Para mí aquella noche solo existía una de ellas que me atraía de manera indescriptible y me hacía desearla más que nada en el mundo; la que sería la afortunada de estar en mis brazos y vivir una experiencia única, objeto de sus más íntimas fantasías.
―Madmoiselle. ―Me detuve ante mi víctima―. Está usted más hermosa que nunca ―me esforcé en hacer uso de toda la sensualidad que había aprendido a utilizar en los pocos meses en que había nacido a mi nueva vida.
―Gracias mi señor ―respondió ella con sus mejillas teñidas de rojo―. Y usted tan galante como siempre —. Me regaló su mano y nos adentramos a la pista. El baile se tornó más alegre y nuestras figuras se perdieron entre la multitud. Luego comenzó una melodía lenta y ambos nos apartamos hacia un salón no muy lejano.

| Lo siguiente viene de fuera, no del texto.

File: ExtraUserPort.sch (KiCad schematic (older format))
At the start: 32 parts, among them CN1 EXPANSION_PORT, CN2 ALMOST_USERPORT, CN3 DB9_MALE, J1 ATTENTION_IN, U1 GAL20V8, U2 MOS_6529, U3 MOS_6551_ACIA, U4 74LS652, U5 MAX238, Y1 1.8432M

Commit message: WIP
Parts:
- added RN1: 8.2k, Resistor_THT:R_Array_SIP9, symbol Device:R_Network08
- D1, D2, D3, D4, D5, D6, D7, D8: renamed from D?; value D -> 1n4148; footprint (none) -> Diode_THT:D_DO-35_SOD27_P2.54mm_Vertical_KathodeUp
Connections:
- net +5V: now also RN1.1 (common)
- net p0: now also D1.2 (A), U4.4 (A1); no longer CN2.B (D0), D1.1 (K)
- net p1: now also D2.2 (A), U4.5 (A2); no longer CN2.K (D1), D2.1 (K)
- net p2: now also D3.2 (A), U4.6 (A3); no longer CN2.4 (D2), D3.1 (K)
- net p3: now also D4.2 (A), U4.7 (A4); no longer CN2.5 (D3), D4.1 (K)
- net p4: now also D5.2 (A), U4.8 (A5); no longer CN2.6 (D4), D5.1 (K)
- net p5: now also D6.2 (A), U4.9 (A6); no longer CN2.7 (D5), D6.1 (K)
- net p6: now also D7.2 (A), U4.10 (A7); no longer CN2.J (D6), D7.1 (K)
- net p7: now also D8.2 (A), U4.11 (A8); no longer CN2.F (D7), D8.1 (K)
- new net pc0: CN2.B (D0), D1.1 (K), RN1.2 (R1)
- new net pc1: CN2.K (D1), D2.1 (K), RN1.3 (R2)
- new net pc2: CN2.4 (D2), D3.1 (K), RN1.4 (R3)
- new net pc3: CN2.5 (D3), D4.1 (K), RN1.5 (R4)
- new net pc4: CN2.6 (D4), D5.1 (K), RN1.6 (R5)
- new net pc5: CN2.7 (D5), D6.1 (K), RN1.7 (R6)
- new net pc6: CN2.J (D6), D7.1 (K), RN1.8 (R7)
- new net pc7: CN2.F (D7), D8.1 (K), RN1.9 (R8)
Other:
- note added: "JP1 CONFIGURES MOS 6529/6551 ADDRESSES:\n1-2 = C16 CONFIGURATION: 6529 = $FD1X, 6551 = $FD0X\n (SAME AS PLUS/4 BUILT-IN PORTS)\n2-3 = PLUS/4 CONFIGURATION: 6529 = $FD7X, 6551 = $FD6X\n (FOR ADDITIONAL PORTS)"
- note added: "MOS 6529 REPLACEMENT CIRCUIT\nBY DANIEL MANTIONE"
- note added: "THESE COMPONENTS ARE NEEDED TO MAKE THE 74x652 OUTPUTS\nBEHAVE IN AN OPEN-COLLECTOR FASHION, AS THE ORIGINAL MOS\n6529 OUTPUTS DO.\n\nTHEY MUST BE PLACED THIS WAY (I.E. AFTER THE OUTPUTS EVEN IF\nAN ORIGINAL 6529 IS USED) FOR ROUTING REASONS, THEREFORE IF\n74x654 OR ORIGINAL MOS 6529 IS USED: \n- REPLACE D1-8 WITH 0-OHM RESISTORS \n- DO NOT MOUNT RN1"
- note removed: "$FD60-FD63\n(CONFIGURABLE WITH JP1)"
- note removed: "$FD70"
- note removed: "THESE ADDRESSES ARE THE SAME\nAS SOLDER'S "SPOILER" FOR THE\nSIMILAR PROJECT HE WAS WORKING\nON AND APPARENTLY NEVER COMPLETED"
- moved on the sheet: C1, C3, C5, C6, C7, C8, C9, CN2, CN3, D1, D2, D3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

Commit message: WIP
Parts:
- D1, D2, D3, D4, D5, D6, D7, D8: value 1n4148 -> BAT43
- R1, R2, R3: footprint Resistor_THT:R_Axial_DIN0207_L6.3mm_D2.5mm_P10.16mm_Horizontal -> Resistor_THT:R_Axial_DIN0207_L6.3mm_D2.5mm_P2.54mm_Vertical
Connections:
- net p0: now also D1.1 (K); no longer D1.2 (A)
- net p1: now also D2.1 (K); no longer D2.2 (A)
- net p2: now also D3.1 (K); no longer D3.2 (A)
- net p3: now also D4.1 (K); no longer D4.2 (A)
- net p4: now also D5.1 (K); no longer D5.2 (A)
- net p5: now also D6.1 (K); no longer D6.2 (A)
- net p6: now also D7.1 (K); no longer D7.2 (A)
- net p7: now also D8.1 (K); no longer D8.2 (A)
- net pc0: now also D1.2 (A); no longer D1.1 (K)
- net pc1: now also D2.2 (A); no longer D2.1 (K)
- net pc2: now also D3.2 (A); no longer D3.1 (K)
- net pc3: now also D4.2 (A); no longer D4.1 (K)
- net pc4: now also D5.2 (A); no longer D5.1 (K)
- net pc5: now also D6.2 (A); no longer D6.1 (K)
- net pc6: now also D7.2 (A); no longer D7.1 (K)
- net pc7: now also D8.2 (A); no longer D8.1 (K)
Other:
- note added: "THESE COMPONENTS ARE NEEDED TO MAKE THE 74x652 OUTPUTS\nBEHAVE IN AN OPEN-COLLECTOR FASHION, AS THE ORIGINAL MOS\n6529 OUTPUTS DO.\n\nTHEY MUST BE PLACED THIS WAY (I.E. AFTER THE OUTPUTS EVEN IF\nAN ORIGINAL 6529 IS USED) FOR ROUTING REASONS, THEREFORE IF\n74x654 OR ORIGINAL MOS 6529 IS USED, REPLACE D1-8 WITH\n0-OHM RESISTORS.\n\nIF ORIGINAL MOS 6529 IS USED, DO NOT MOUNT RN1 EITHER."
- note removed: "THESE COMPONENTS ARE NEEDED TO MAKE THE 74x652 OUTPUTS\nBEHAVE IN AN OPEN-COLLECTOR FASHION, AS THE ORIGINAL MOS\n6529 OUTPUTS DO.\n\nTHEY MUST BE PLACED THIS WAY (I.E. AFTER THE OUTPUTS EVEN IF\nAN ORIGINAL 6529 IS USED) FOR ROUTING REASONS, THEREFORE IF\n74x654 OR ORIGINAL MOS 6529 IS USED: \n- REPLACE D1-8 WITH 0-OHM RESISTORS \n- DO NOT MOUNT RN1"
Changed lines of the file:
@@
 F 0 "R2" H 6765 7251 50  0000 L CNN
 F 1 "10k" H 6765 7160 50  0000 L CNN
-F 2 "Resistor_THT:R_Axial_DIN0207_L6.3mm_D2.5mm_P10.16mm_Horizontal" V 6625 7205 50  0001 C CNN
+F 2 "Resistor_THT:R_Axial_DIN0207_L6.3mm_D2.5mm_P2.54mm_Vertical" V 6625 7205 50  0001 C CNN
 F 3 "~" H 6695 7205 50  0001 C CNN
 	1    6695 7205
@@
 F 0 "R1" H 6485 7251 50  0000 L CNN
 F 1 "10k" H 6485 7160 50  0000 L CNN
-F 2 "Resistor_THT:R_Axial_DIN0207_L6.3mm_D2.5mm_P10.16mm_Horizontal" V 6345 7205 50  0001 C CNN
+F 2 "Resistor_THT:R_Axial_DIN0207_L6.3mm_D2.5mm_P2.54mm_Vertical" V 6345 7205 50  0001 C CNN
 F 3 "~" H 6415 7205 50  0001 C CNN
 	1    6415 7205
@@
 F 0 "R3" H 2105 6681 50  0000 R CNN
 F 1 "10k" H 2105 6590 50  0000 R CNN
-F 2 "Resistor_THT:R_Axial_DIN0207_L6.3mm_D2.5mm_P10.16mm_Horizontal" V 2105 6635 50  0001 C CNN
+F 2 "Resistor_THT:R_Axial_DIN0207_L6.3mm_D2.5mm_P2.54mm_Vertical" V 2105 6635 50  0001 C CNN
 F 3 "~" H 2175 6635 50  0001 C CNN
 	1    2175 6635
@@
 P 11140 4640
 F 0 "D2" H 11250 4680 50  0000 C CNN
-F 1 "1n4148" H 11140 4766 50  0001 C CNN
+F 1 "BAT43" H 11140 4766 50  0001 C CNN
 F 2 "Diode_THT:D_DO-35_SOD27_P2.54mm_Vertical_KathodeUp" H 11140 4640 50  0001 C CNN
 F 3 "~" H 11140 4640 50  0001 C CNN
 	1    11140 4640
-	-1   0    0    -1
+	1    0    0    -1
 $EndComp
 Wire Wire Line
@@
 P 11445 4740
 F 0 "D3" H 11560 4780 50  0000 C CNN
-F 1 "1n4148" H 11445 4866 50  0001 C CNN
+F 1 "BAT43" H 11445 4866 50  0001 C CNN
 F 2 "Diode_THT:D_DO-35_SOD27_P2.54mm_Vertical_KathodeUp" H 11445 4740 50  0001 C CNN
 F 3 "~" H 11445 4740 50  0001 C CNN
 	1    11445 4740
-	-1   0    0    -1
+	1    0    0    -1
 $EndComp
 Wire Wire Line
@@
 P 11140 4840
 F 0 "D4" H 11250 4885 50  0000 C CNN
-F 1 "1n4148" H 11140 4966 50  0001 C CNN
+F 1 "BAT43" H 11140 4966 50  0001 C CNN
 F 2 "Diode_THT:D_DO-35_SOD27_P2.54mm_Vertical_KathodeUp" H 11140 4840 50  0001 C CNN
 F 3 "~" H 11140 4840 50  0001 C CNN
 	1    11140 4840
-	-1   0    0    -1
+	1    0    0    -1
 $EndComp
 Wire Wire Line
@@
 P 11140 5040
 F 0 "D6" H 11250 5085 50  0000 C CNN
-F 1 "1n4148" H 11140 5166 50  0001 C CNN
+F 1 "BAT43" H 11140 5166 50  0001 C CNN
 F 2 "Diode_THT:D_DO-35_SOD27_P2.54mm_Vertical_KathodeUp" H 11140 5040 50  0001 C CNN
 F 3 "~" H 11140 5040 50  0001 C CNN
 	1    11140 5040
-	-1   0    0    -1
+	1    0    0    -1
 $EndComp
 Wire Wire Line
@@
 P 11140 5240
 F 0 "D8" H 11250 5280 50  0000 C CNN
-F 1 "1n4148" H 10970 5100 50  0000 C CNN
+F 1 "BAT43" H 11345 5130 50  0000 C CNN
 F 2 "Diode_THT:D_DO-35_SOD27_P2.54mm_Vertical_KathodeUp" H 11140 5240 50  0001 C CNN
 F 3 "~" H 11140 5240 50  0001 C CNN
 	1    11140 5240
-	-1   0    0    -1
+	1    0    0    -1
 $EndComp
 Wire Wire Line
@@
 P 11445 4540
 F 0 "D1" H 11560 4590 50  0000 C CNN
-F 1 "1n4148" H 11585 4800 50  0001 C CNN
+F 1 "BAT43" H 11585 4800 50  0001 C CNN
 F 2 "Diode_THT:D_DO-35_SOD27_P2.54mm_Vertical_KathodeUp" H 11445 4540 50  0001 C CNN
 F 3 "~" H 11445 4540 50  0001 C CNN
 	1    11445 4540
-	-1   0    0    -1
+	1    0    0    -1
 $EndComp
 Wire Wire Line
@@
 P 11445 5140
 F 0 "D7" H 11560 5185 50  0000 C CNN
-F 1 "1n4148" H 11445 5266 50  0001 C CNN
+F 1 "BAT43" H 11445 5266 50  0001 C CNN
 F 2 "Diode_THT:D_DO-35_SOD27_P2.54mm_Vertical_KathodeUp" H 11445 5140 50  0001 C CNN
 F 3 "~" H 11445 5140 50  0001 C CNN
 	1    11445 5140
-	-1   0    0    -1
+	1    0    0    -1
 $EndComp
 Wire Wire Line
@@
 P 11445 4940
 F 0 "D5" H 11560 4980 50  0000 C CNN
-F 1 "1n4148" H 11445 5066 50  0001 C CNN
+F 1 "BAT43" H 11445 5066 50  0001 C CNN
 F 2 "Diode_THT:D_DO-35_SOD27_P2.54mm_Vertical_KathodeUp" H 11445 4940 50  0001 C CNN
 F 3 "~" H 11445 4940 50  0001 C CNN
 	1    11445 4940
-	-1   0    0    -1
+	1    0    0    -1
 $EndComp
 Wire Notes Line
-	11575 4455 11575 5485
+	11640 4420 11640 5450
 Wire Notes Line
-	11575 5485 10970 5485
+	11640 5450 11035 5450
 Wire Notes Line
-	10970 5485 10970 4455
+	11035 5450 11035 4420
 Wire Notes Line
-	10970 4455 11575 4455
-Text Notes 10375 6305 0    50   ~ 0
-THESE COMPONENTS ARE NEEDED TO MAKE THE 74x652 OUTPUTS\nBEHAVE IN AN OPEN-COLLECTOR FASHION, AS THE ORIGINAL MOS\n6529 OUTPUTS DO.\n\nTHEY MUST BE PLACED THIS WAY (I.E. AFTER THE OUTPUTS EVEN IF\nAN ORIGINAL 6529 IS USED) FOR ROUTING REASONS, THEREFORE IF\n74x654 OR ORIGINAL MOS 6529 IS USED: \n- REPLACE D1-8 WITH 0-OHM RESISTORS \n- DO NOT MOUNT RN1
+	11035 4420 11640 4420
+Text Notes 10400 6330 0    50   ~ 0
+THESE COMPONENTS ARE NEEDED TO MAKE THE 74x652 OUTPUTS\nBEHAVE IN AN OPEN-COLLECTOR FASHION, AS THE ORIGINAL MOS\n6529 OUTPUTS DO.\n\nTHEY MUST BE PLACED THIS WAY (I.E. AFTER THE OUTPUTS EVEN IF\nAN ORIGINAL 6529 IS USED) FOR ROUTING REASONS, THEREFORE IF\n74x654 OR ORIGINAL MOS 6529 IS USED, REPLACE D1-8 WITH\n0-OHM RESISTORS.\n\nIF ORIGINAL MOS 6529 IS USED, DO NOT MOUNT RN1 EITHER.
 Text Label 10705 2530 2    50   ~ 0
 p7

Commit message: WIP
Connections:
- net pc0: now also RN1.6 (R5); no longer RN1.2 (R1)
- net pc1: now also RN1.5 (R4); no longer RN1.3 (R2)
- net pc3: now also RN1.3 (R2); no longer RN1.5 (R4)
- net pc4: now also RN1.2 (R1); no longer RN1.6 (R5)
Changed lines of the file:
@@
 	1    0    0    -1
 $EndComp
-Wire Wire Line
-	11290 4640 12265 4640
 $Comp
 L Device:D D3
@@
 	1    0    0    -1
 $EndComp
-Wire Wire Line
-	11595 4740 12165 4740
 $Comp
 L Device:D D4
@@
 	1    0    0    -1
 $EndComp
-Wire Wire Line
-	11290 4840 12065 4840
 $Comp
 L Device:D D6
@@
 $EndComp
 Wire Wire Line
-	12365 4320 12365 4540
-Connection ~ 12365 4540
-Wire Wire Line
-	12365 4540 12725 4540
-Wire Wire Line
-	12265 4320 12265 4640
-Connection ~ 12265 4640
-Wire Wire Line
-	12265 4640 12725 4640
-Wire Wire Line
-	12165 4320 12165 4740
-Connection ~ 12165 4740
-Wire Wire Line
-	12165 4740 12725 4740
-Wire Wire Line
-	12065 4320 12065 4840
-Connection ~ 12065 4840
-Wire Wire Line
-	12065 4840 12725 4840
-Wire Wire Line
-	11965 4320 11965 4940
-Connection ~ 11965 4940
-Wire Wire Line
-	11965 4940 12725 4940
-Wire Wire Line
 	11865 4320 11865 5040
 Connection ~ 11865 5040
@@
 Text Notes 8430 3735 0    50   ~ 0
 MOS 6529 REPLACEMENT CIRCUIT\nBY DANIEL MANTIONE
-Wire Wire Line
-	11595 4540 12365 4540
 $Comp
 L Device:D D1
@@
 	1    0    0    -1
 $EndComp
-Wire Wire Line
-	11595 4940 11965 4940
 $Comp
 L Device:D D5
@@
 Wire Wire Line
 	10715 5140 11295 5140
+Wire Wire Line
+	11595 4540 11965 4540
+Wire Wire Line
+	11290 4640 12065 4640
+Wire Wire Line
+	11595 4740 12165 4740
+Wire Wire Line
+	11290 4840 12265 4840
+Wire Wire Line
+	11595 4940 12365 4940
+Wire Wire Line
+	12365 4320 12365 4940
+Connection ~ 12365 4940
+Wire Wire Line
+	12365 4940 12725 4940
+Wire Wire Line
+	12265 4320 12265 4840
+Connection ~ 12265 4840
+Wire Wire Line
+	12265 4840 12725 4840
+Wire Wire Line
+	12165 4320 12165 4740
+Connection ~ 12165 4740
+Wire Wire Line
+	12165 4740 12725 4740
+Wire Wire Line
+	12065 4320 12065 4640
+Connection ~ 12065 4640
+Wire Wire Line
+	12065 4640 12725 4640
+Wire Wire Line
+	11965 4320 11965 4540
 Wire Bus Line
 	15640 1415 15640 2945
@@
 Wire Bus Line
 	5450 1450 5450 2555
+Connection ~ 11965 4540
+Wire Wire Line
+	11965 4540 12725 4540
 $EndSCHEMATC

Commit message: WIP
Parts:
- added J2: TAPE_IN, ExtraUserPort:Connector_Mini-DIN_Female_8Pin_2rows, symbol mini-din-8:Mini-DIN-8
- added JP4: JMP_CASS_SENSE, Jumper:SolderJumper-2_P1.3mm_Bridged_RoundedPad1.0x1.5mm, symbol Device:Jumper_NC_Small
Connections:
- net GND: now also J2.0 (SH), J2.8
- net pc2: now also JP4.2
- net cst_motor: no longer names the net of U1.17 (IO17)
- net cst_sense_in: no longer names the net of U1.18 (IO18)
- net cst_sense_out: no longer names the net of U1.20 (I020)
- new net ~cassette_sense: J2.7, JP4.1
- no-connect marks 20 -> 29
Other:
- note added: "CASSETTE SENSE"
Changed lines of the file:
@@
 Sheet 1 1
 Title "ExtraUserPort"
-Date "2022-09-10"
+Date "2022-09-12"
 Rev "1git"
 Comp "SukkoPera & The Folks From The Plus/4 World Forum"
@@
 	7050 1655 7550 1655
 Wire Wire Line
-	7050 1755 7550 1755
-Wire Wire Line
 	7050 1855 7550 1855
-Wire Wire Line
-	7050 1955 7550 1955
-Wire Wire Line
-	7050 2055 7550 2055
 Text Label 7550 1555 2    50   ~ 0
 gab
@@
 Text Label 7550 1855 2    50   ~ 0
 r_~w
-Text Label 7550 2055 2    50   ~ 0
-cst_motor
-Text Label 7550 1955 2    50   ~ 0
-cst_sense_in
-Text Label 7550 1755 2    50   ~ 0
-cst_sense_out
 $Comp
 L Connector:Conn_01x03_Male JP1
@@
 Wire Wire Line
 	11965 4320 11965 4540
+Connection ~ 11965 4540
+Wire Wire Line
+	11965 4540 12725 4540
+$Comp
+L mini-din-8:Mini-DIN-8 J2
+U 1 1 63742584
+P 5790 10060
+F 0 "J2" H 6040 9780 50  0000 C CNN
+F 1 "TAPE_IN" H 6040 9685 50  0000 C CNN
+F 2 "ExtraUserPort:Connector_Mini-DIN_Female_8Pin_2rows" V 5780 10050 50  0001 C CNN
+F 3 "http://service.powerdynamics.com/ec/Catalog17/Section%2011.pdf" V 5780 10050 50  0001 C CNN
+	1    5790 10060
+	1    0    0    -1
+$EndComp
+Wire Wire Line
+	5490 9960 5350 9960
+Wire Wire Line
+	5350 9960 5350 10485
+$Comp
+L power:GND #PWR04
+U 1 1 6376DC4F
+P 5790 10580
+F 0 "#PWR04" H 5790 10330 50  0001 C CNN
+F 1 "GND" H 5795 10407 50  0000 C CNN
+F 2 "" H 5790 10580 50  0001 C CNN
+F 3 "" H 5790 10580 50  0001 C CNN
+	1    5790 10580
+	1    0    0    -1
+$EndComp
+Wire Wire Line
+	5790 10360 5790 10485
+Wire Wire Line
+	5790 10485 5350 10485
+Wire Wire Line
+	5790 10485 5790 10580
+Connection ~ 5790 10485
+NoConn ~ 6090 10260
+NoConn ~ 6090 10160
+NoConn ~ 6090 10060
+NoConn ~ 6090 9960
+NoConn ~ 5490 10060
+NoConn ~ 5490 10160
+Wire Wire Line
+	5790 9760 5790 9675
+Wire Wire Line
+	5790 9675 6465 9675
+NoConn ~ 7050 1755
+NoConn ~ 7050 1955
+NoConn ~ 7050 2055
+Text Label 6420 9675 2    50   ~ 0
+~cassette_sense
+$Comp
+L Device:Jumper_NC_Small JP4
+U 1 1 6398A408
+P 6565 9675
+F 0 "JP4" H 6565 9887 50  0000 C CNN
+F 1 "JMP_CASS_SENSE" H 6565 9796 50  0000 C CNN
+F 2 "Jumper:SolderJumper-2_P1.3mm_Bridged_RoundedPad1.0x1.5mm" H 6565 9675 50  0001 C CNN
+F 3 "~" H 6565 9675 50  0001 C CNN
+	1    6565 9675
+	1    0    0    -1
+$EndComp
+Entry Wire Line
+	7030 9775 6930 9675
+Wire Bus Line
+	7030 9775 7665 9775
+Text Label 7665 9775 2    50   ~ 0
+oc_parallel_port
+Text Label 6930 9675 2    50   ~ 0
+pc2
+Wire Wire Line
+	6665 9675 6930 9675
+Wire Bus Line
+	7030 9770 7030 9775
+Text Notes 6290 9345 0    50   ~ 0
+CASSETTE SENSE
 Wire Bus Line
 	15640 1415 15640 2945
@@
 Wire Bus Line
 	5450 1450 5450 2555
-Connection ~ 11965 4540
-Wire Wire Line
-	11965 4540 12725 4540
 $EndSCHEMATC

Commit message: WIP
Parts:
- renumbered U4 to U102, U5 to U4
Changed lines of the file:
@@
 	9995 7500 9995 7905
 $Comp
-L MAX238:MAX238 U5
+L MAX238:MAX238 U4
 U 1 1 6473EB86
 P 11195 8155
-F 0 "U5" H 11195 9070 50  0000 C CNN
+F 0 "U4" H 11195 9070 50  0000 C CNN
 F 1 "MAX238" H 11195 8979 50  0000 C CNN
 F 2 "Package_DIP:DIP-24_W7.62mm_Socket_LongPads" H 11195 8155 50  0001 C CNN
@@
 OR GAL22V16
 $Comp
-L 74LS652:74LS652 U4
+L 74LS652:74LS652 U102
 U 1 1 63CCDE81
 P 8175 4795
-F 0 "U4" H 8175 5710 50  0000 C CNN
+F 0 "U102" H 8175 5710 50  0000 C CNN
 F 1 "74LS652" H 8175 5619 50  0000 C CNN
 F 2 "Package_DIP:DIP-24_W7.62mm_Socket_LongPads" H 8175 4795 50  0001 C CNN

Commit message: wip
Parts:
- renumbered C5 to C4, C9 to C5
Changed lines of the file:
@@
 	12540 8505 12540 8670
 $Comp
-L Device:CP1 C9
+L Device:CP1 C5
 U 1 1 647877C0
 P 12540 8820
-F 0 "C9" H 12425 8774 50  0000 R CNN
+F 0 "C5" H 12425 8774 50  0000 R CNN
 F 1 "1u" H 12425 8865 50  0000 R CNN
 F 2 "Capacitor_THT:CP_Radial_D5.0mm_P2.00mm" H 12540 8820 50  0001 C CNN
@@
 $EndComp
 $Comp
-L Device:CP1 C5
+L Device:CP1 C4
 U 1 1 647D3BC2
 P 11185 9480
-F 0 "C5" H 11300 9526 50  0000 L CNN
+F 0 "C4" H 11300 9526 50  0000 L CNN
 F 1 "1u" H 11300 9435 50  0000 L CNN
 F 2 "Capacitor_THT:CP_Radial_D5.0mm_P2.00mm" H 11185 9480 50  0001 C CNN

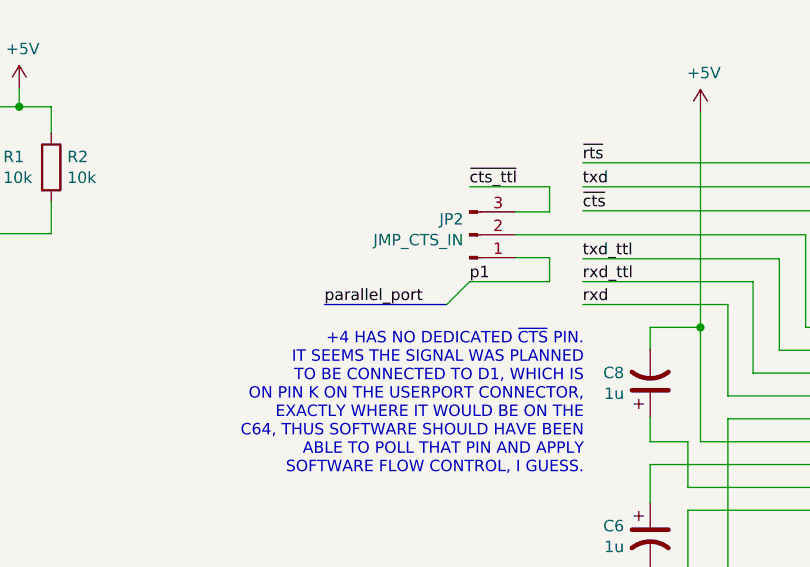
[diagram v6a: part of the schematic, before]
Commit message: Move /CTS to PC2
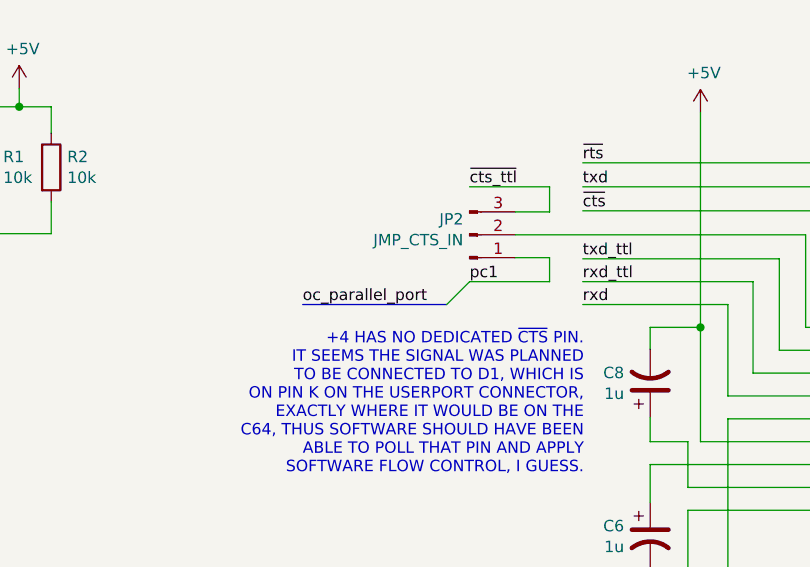
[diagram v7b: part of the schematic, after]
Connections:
- net p1: no longer JP2.1 (Pin_1)
- net pc1: now also JP2.1 (Pin_1)
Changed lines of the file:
@@
 	8525 7705 8425 7805
 Text Label 8525 7705 0    50   ~ 0
-p1
+pc1
 Wire Bus Line
-	8425 7805 7890 7805
-Text Label 7890 7805 0    50   ~ 0
-parallel_port
+	8425 7805 7795 7805
+Text Label 7795 7805 0    50   ~ 0
+oc_parallel_port
 Text Notes 9025 8550 2    50   ~ 0
 +4 HAS NO DEDICATED ~CTS~ PIN.\nIT SEEMS THE SIGNAL WAS PLANNED\nTO BE CONNECTED TO D1, WHICH IS\nON PIN K ON THE USERPORT CONNECTOR,\nEXACTLY WHERE IT WOULD BE ON THE\nC64, THUS SOFTWARE SHOULD HAVE BEEN\nABLE TO POLL THAT PIN AND APPLY\nSOFTWARE FLOW CONTROL, I GUESS.

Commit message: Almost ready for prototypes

—¿Hasta cuándo piensa quedarse su familia en el condado? ―pregunté cuando nos encontramos solos, sentados en un sillón de terciopelo carmesí. Le sostuve la mirada unos segundos, pero la pequeña no soportó mucho y apartó la suya con las mejillas encendidas. Era satisfactorio ver lo fácil que las presas caían, un juego de seducción mortal que ellas no comprendían hasta que era demasiado tarde.

―Solo unos días más.
―Es una pena que deba marcharse… ―Me acerqué a la muchacha y ella se estremeció. Anhelaba tenerme cerca, dentro suyo se había despertado un deseo intenso que nunca había conocido en sus cortos quince años de vida. Podía sentirlo.
―Sí ―replicó―. Aquí he descubierto cosas que nunca imaginé. Hay una belleza extraña en este lugar, atrapante ―lanzó una nueva mirada hacia mí, incrédula todavía de tener la suerte de encontrarse en aquella fiesta con el príncipe de Valaquia.
―Me pregunto si no le gustaría descubrir más cosas. Yo podría enseñarle. ―Acorté con lentitud la distancia que nos separaba. La chica se inquietó por el simple acercamiento, pero no atinó a levantarse, se quedó allí acorralada, con mis penetrantes ojos clavados en los suyos.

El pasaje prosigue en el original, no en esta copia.